# Napoli Sergio Conceicao nuovo allenatore. E' fatta.



## admin (24 Maggio 2021)

Corriere dello Sport: il Napoli ha scelto Sergio Conceicao. Sarà lui il nuovo allenatore. La presentazione nei prossimi giorni.


----------



## Milanforever26 (24 Maggio 2021)

Admin;2344939 ha scritto:


> Corriere dello Sport: il Napoli ha scelto Sergio Conceicao. Sarà lui il nuovo allenatore. La presentazione nei prossimi giorni.

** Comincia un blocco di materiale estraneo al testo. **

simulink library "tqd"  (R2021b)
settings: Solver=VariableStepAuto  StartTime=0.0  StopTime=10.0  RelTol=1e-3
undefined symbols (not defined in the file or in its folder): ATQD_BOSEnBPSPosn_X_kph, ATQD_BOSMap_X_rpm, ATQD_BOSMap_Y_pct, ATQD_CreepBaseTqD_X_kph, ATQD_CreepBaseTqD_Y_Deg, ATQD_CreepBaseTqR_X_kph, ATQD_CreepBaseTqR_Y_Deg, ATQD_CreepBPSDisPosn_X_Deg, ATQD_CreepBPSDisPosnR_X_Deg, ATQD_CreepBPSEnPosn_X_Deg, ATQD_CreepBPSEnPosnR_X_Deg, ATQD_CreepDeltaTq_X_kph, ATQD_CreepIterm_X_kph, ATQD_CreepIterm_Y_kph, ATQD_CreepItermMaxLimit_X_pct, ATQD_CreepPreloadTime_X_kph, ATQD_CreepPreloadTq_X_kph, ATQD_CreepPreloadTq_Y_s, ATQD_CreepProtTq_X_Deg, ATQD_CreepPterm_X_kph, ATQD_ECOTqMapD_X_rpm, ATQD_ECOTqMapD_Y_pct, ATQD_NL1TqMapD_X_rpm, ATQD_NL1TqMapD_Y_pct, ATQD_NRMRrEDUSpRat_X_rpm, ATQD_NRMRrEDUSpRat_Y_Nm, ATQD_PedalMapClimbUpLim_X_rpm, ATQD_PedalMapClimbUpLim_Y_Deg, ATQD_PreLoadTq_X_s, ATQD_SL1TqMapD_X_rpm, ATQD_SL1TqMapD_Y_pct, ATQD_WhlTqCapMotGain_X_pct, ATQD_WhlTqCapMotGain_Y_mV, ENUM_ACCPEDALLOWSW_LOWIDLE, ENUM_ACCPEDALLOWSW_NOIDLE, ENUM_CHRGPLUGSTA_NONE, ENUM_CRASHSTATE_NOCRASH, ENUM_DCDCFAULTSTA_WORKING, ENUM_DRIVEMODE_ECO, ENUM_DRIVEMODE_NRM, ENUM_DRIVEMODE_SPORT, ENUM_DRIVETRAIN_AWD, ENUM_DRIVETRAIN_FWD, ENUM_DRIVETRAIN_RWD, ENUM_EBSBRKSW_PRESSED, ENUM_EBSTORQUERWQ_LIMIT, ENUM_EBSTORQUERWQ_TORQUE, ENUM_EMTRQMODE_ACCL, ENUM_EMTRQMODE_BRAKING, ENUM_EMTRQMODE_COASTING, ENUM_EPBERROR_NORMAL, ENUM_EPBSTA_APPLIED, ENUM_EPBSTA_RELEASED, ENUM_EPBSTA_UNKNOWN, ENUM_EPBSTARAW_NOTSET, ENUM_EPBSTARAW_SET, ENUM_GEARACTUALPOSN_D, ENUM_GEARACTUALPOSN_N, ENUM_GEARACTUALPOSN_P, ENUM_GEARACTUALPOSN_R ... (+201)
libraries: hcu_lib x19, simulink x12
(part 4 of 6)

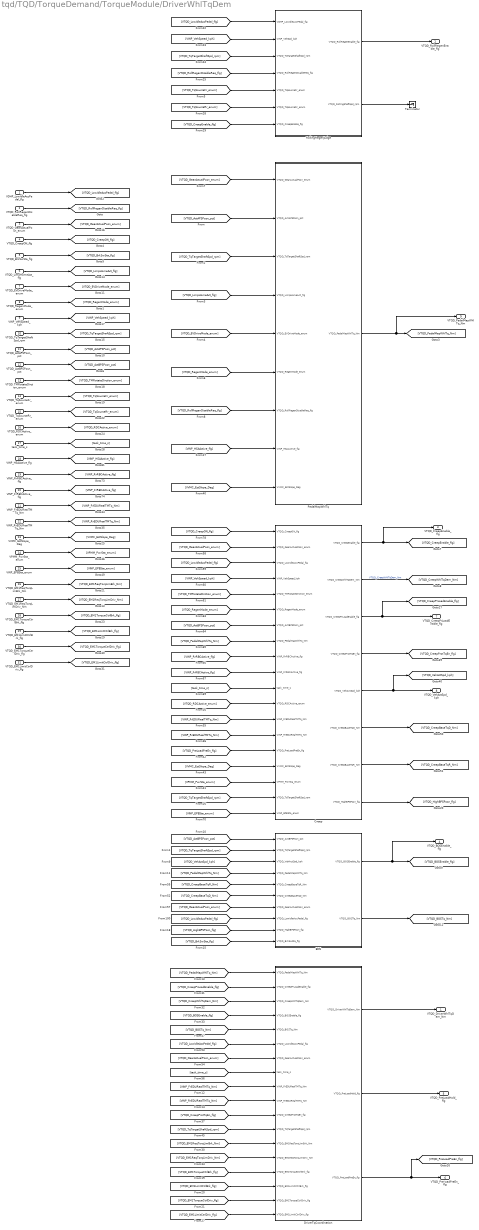
== system tqd/TQD/TorqueDemand/TorqueModule/DriverWhlTqDem ==
  VDHP_LowIdleAccPedal_flg : Inport
  VTQD_RollRegenDisableReq_flg : Inport  Port=2
  VTQD_GearActualPosn_enum : Inport  Port=3
  "VTQD_CreepON_flg " : Inport  Port=4
  VTQD_BrkSwSta_flg : Inport  Port=5
  VTQD_LimpHomeAct_flg : Inport  Port=6
  VTQD_EVDriveMode_enum : Inport  Port=7
  VTQD_RegenMode_enum : Inport  Port=8
  VINP_VehSpeed_kph : Inport  Port=9
  VTQD_TqTargetShaftSpd_rpm : Inport  Port=10
  VTQD_ActAPSPosn_pct : Inport  Port=11
  VTQD_ActBPSPosn_pct : Inport  Port=12
  VTQD_TMRotateDirction_enum : Inport  Port=13
  VTQD_TqSourceFr_enum : Inport  Port=14
  VTQD_TqSourceRr_enum : Inport  Port=15
  VTQD_RDCActive_enum : Inport  Port=16
  task_time_s : Inport  Port=17
  VINP_HSAActive_flg : Inport  Port=18
  VINP_RrRBCActive_flg : Inport  Port=19
  VINP_FrRBCActive_flg : Inport  Port=20
  VINP_FrEDURealTMTq_Nm : Inport  Port=21
  VINP_RrEDURealTMTq_Nm : Inport  Port=22
  VVMC_EstSlope_Deg : Inport  Port=23
  VPMM_PwrSta_enum : Inport  Port=24
  VINP_EPBSta_enum : Inport  Port=25
  VTQD_EM1ReqTorqLimBrk_Nm : Inport  Port=26
  VTQD_EM1ReqTorqLimDriv_Nm : Inport  Port=27
  VTQD_EM1TorqueCtrlBrk_flg : Inport  Port=28
  VTQD_EM1LimitCtrlBrk_flg : Inport  Port=29
  VTQD_EM1TorqueCtrlDriv_flg : Inport  Port=30
  VTQD_EM1LimitCtrlDriv_flg : Inport  Port=31
  BOS : Subsystem
  Creep : Subsystem
  DriverTqCoordination : Subsystem
  PedalMapWhlTq : Subsystem
  RollingRegenJudge : Subsystem
  Terminator : Terminator
  VTQD_DriverWhlTqDem_Nm : Outport
  VTQD_RollRegenEnable_flg : Outport  Port=2
  VTQD_CreepEnable_flg : Outport  Port=3
  VTQD_BOSEnable_flg : Outport  Port=4
  VTQD_PreLoadHold_flg : Outport  Port=5
  VTQD_PreLoadPreEn_flg : Outport  Port=6
  VTQD_CreepPrLoadEnable_flg : Outport  Port=7
  VTQD_VehActSpd_kph : Outport  Port=8
  VTQD_PedalMapWhlTq_Nm : Outport  Port=9
  wires:
  VTQD_BrkSwSta_flg/1 -> [VTQD_BrkSwSta_flg]
  VTQD_ActBPSPosn_pct/1 -> [VTQD_ActBPSPosn_pct]
  VTQD_RegenMode_enum/1 -> [VTQD_RegenMode_enum]
  VINP_VehSpeed_kph/1 -> [VINP_VehSpeed_kph]
  "VTQD_CreepON_flg "/1 -> [VTQD_CreepON_flg]
  PedalMapWhlTq/1(VTQD_PedalMapWhlTq_Nm) -> VTQD_PedalMapWhlTq_Nm/1, [VTQD_PedalMapWhlTq_Nm]
  VTQD_LimpHomeAct_flg/1 -> [VTQD_LimpHomeAct_flg]
  VTQD_TqTargetShaftSpd_rpm/1 -> [VTQD_TqTargetShaftSpd_rpm]
  VTQD_EVDriveMode_enum/1 -> [VTQD_EVDriveMode_enum]
  VTQD_ActAPSPosn_pct/1 -> [VTQD_ActAPSPosn_pct]
  VTQD_GearActualPosn_enum/1 -> [VTQD_GearActualPosn_enum]
  VDHP_LowIdleAccPedal_flg/1 -> [VTQD_LowIdleAccPedal_flg]
  BOS/2(VTQD_BOSTq_Nm) -> [VTQD_BOSTq_Nm]
  BOS/1(VTQD_BOSEnable_flg) -> [VTQD_BOSEnable_flg], VTQD_BOSEnable_flg/1
  [VTQD_ActBPSPosn_pct] -> BOS/1(VTQD_ActBPSPosn_pct)
  [VTQD_TqTargetShaftSpd_rpm] -> BOS/2(VTQD_TqTargetShaftSpd_rpm)
  RollingRegenJudge/1(VTQD_RollRegenEnable_flg) -> VTQD_RollRegenEnable_flg/1
  RollingRegenJudge/2(VTQD_RollingShaftSpd_rpm) -> Terminator/1
  VTQD_RollRegenDisableReq_flg/1 -> [VTQD_RollRegenDisableReq_flg]
  VTQD_TMRotateDirction_enum/1 -> [VTQD_TMRotateDirction_enum]
  [VTQD_GearActualPosn_enum] -> PedalMapWhlTq/1(VTQD_GearActualPosn_enum)
  [VTQD_LimpHomeAct_flg] -> PedalMapWhlTq/4(VTQD_LimpHomeAct_flg)
  [VTQD_ActAPSPosn_pct] -> PedalMapWhlTq/2(VTQD_ActAPSPosn_pct)
  [VTQD_TqTargetShaftSpd_rpm] -> PedalMapWhlTq/3(VTQD_TqTargetShaftSpd_rpm)
  [VTQD_RegenMode_enum] -> PedalMapWhlTq/6(VTQD_RegenMode_enum)
  [VTQD_EVDriveMode_enum] -> PedalMapWhlTq/5(VTQD_EVDriveMode_enum)
  [VTQD_TqSourceRr_enum] -> RollingRegenJudge/6(VTQD_TqSourceRr_enum)
  [VINP_VehSpeed_kph] -> RollingRegenJudge/2(VINP_VehSpd_kph)
  [VTQD_TqTargetShaftSpd_rpm] -> RollingRegenJudge/3(VTQD_TqTargetShaftSpd_rpm)
  [VTQD_TqSourceFr_enum] -> RollingRegenJudge/5(VTQD_TqSourceFr_enum)
  [VTQD_CreepEnable_flg] -> RollingRegenJudge/7(VTQD_CreepEnable_flg)
  [VTQD_LowIdleAccPedal_flg] -> RollingRegenJudge/1(VDHP_LowIdleAccPedal_flg)
  VTQD_TqSourceFr_enum/1 -> [VTQD_TqSourceFr_enum]
  VTQD_TqSourceRr_enum/1 -> [VTQD_TqSourceRr_enum]
  VTQD_RDCActive_enum/1 -> [VTQD_RDCActive_enum]
  task_time_s/1 -> [task_time_s]
  [VTQD_RollRegenDisableReq_flg] -> RollingRegenJudge/4(VTQD_RollRegenDisableReq_flg)
  [task_time_s] -> DriverTqCoordination/8(task_time_s)
  [VTQD_LowIdleAccPedal_flg] -> DriverTqCoordination/6(VTQD_LowIdleAccPedal_flg)
  [VTQD_GearActualPosn_enum] -> DriverTqCoordination/7(VTQD_GearActualPosn_enum)
  [VTQD_CreepPrLoadEnable_flg] -> DriverTqCoordination/2(VTQD_CreepPrLoadEnable_flg)
  [VTQD_PedalMapWhlTq_Nm] -> DriverTqCoordination/1(VTQD_PedalMapWhlTq_Nm)
  [VTQD_BOSEnable_flg] -> DriverTqCoordination/4(VTQD_BOSEnable_flg)
  [VTQD_CreepWhlTqDem_Nm] -> DriverTqCoordination/3(VTQD_CreepWhlTqDem_Nm)
  DriverTqCoordination/1(VTQD_DriverWhlTqDem_Nm) -> VTQD_DriverWhlTqDem_Nm/1
  [VINP_RrRBCActive_flg] -> Creep/9(VINP_RrRBCActive_flg)
  [VINP_FrRBCActive_flg] -> Creep/10(VINP_FrRBCActive_flg)
  [VINP_VehSpeed_kph] -> Creep/4(VINP_VehSpeed_kph)
  [VTQD_ActBPSPosn_pct] -> Creep/7(VTQD_ActBPSPosn_pct)
  [VTQD_TMRotateDirction_enum] -> Creep/5(VTQD_TMRotateDirction_enum)
  [VTQD_CreepON_flg] -> Creep/1(VTQD_CreepON_flg)
  [VTQD_LowIdleAccPedal_flg] -> Creep/3(VTQD_LowIdleAccPedal_flg)
  [VTQD_RegenMode_enum] -> Creep/6(VTQD_RegenMode_enum)
  [VTQD_PedalMapWhlTq_Nm] -> Creep/8(VTQD_PedalMapWhlTq_Nm)
  [VTQD_GearActualPosn_enum] -> Creep/2(VTQD_GearActualPosn_enum)
  [task_time_s] -> Creep/11(task_time_s)
  Creep/1(VTQD_CreepEnable_flg) -> VTQD_CreepEnable_flg/1, [VTQD_CreepEnable_flg]
  Creep/2(VTQD_CreepWhlTqDem_Nm) -> [VTQD_CreepWhlTqDem_Nm]  "VTQD_CreepWhlTqDem_Nm"
  Creep/3(VTQD_CreepPrLoadEnable_flg) -> [VTQD_CreepPrLoadEnable_flg], VTQD_CreepPrLoadEnable_flg/1
  VINP_FrRBCActive_flg/1 -> [VINP_FrRBCActive_flg]
  VINP_RrRBCActive_flg/1 -> [VINP_RrRBCActive_flg]
  VINP_HSAActive_flg/1 -> [VINP_HSAActive_flg]
  [VTQD_RollRegenDisableReq_flg] -> PedalMapWhlTq/7(VTQD_RollRegenDisableReq_flg)
  [VINP_HSAActive_flg] -> PedalMapWhlTq/8(VINP_HSAActive_flg)
  VINP_RrEDURealTMTq_Nm/1 -> [VINP_RrEDURealTMTq_Nm]
  VINP_FrEDURealTMTq_Nm/1 -> [VINP_FrEDURealTMTq_Nm]
  [VINP_FrEDURealTMTq_Nm] -> DriverTqCoordination/9(VINP_FrEDURealTMTq_Nm)
  [VINP_RrEDURealTMTq_Nm] -> DriverTqCoordination/10(VINP_RrEDURealTMTq_Nm)
  DriverTqCoordination/2(VTQD_PreLoadHold_flg) -> VTQD_PreLoadHold_flg/1
  [VTQD_RDCActive_enum] -> Creep/12(VTQD_RDCActive_enum)
  [VINP_RrEDURealTMTq_Nm] -> Creep/14(VINP_RrEDURealTMTq_Nm)
  [VINP_FrEDURealTMTq_Nm] -> Creep/13(" VINP_FrEDURealTMTq_Nm")
  Creep/4(VTQD_CreepProtTqEn_flg) -> [VTQD_CreepProtTqEn_flg]
  [VTQD_CreepProtTqEn_flg] -> DriverTqCoordination/11(VTQD_CreepProtTqEn_flg)
  VVMC_EstSlope_Deg/1 -> [VVMC_EstSlope_Deg]
  [VVMC_EstSlope_Deg] -> PedalMapWhlTq/9(VVMC_EstSlope_Deg)
  DriverTqCoordination/3(VTQD_PreLoadPreEn_flg) -> [VTQD_PreLoadPreEn_flg], VTQD_PreLoadPreEn_flg/1
  [VTQD_PreLoadPreEn_flg] -> Creep/15(VTQD_PreLoadPreEn_flg)
  [VVMC_EstSlope_Deg] -> Creep/16(VVMC_EstSlope_Deg)
  [VPMM_PwrSta_enum] -> Creep/17(VPMM_PwrSta_enum)
  [VTQD_TqTargetShaftSpd_rpm] -> DriverTqCoordination/12(VTQD_TqTargetShaftSpd_rpm)
  [VTQD_TqTargetShaftSpd_rpm] -> Creep/18(VTQD_TqTargetShaftSpd_rpm)
  [VINP_EPBSta_enum] -> Creep/19(VINP_EPBSta_enum)
  Creep/5(VTQD_VehActSpd_kph) -> [VTQD_VehActSpd_kph], VTQD_VehActSpd_kph/1
  VINP_EPBSta_enum/1 -> [VINP_EPBSta_enum]
  VPMM_PwrSta_enum/1 -> [VPMM_PwrSta_enum]
  [VTQD_PedalMapWhlTq_Nm] -> BOS/4(VTQD_PedalMapWhlTq_Nm)
  [VTQD_VehActSpd_kph] -> BOS/3(VTQD_VehActSpd_kph)
  Creep/6(VTQD_CreepBaseTqD_Nm) -> [VTQD_CreepBaseTqD_Nm]
  Creep/7(VTQD_CreepBaseTqR_Nm) -> [VTQD_CreepBaseTqR_Nm]
  [VTQD_BOSTq_Nm] -> DriverTqCoordination/5(VTQD_BOSTq_Nm)
  [VTQD_CreepBaseTqR_Nm] -> BOS/5(VTQD_CreepBaseTqR_Nm)
  [VTQD_CreepBaseTqD_Nm] -> BOS/6(VTQD_CreepBaseTqD_Nm)
  [VTQD_GearActualPosn_enum] -> BOS/7(VTQD_GearActualPosn_enum)
  [VTQD_LowIdleAccPedal_flg] -> BOS/8(VTQD_LowIdleAccPedal_flg)
  [VTQD_BrkSwSta_flg] -> BOS/10(VTQD_BrkSwSta_flg)
  [VTQD_HighBPSPosn_flg] -> BOS/9(VTQD_HighBPSPosn_flg)
  Creep/8(VTQD_HighBPSPosn_flg) -> [VTQD_HighBPSPosn_flg]
  VTQD_EM1TorqueCtrlBrk_flg/1 -> [VTQD_EM1TorqueCtrlBrk_flg]
  VTQD_EM1LimitCtrlBrk_flg/1 -> [VTQD_EM1LimitCtrlBrk_flg]
  VTQD_EM1ReqTorqLimDriv_Nm/1 -> [VTQD_EM1ReqTorqLimDriv_Nm]
  VTQD_EM1ReqTorqLimBrk_Nm/1 -> [VTQD_EM1ReqTorqLimBrk_Nm]
  VTQD_EM1LimitCtrlDriv_flg/1 -> [VTQD_EM1LimitCtrlDriv_flg]
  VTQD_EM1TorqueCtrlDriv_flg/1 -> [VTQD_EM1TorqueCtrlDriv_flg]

Altro che Allegri o Sarri...

Solito nome esotico che alla fine flopperà...vedi Fonseca

Bene così..è importantissimo lasciare ste squadre come Napoli e Roma lontane dalla CL per alcune stagioni così vedi come si ridimensionano i fenoomeni..


----------



## Marilson (24 Maggio 2021)

hanno fallito prima ancora di cominciare, con un investimento finanziario di osimhen da rivalutare dopo l'esclusione dalla champions. Fuori una dai. Ci si deve augurare il fallimento di Mourinho fin da subito per potersela giocare l'anno prossimo


----------



## diavoloINme (24 Maggio 2021)

Admin;2344939 ha scritto:


> Corriere dello Sport: il Napoli ha scelto Sergio Conceicao. Sarà lui il nuovo allenatore. La presentazione nei prossimi giorni.



Pagano il fallimento di ieri sera .
Buon per noi: dobbiamo creare un solco tra noi e queste realtà.

Gattuso li ha affossati. 
Ambiente distrutto dai suoi balzi d'umore.


----------



## Andris (24 Maggio 2021)

una sfida interessante.
ha fatto bene sia in Francia sia in Portogallo, è comunque un allenatore.


----------



## Manue (24 Maggio 2021)

diavoloINme;2344958 ha scritto:


> Pagano il fallimento di ieri sera .
> Buon per noi: dobbiamo creare un solco tra noi e queste realtà.
> 
> Gattuso li ha affossati.
> Ambiente distrutto dai suoi balzi d'umore.



Si beh con un presidente così, credo che siano abituati agli sbalzi d'umore.
Io credo che Rino ad un certo punto abbia fatto anche bene, inanellando vittorie su vittorie, 
semplicemente ieri sera a loro è successo quello che è accaduto a noi contro il cagliari.

Speravo nella loco CL, cosi da cacciare nei guai i gobbi.


----------



## Solo (24 Maggio 2021)

Niente Allegri, bene. 

Speriamo sia un floppone.


----------



## kYMERA (24 Maggio 2021)

Milanforever26;2344948 ha scritto:


> Altro che Allegri o Sarri...
> 
> Solito nome esotico che alla fine flopperà...vedi Fonseca
> 
> Bene così..è importantissimo lasciare ste squadre come Napoli e Roma lontane dalla CL per alcune stagioni così vedi come si ridimensionano i fenoomeni..



"esotico".


Portogallo....


----------



## iceman. (24 Maggio 2021)

Admin;2344939 ha scritto:


> Corriere dello Sport: il Napoli ha scelto Sergio Conceicao. Sarà lui il nuovo allenatore. La presentazione nei prossimi giorni.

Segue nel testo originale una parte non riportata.